Using the United States Renal Data System, researchers examined findings between 2001 and 2011 for 203,233 patients with end-stage renal disease. To determine the risk factors associated with Nocardia infection, researchers used a generalized linear model incorporating person-years at risk and measured the OR for Nocardia infection. They used a Cox proportional hazards analysis to investigate the effect of various demographic, transplant-related or clinical risk factor variables when assessing the time from transplant to graft failure. Researchers used a subcohort to study the association between Nocardia infection and the risk of graft failure within 183 days to account for appropriate follow-up after transplant.

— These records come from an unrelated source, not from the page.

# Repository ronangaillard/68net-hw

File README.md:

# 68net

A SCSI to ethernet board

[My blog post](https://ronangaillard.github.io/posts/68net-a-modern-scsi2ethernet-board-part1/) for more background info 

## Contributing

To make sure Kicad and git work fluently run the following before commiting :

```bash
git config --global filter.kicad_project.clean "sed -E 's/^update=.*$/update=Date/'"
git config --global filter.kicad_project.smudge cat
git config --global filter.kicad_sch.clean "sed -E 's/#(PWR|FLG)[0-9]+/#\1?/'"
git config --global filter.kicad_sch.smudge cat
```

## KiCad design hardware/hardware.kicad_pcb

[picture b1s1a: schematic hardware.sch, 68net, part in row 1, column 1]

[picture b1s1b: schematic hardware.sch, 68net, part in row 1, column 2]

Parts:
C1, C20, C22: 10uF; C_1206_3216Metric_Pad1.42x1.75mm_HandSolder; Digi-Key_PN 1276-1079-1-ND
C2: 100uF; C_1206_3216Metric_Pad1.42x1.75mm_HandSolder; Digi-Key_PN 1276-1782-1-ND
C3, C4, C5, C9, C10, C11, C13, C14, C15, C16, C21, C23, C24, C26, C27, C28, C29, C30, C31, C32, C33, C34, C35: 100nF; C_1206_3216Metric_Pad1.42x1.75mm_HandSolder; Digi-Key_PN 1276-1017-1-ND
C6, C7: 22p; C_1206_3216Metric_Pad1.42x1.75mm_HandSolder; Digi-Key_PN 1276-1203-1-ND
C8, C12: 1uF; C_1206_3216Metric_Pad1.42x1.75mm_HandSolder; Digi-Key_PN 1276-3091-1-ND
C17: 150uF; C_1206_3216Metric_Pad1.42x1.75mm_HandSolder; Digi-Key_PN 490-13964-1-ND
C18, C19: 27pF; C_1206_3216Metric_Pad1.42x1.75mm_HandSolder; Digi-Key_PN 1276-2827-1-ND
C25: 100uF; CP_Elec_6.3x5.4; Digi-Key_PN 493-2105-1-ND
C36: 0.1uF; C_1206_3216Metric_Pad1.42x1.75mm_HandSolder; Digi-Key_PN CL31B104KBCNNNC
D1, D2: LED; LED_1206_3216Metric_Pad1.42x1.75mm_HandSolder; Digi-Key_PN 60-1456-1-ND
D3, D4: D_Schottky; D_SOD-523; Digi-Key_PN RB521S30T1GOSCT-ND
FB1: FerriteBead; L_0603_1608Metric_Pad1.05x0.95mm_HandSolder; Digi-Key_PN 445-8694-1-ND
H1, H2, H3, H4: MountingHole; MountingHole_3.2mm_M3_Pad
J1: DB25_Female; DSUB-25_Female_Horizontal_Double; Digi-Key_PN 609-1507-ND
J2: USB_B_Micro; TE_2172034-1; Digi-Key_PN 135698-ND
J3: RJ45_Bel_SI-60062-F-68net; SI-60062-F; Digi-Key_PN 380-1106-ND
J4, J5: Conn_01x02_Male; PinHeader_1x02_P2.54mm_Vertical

Of the total patients with ESRD, 657 (0.32%) were diagnosed with Nocardia infection, 552 of which were assessed after study exclusions. The most frequent presentations of Nocardia infection were pneumonia (14.13%), followed by brain abscess (7.79%).

Increased risk factors for Nocardia infection were age 65 years and older at initial transplant (OR=2.10), history of transplant failure (OR=1.28), history of transplant rejection (OR=4.83) and receipt of a transplant from a deceased donor (OR=1.23). For immunosuppressant drug therapies using tacrolimus and thymoglobulin, the ORs for infection were 2.45 and 1.89, respectively.

Patients at lower risk for Nocardia infection had received azathioprine (OR=0.73) or sirolimus (OR=0.65), were diagnosed with COPD (OR=0.78), diabetes (OR=0.86) or hepatitis C (OR=0.56), or used tobacco (OR=0.74), according to the study.

“The risk factors found to be associated with a diagnosis of Nocardia infection were expected, such as age, history of transplant failure or rejection, receipt of a deceased donor transplant, or receipt of specific immunosuppressant medications,” Baer told Healio Nephrology. “We hypothesized that due to some of the known side effects of the treatment regimens for Nocardia, there would be associated sequelae of allograft loss, which we did confirm. The incidence of infection of 0.32% was lower than previously reported, most likely due to the strict definition we used to identify the cases.”

According to the researchers, nearly 16% of patients with Nocardia experienced graft failure. Patients with a diagnosis of Nocardia infection showed a higher percentage of graft failure at any time (67.28%) compared with those without Nocardia (42.75%). Further, 60.58% of patients with a history of kidney transplants had Nocardia compared with 27.25% without the infection. Factors significantly associated with graft failure included antithymocyte globulin (HR=2.76), COPD (HR=2.47) and presentation of Nocardia infection with brain abscess (HR=1.85).

“The results from this data set provide evidence that encourages clinicians to suspect Nocardia infection, particularly in the presence of certain risk factors, in the assessment

of pneumonia or brain abscesses in renal transplant patients,” Baer and colleagues wrote. “However, additional studies are required to further evaluate the timing of infection after renal transplant and to identify appropriate prophylaxis regimens to prevent nocardiosis and/or transplant failure after infection.”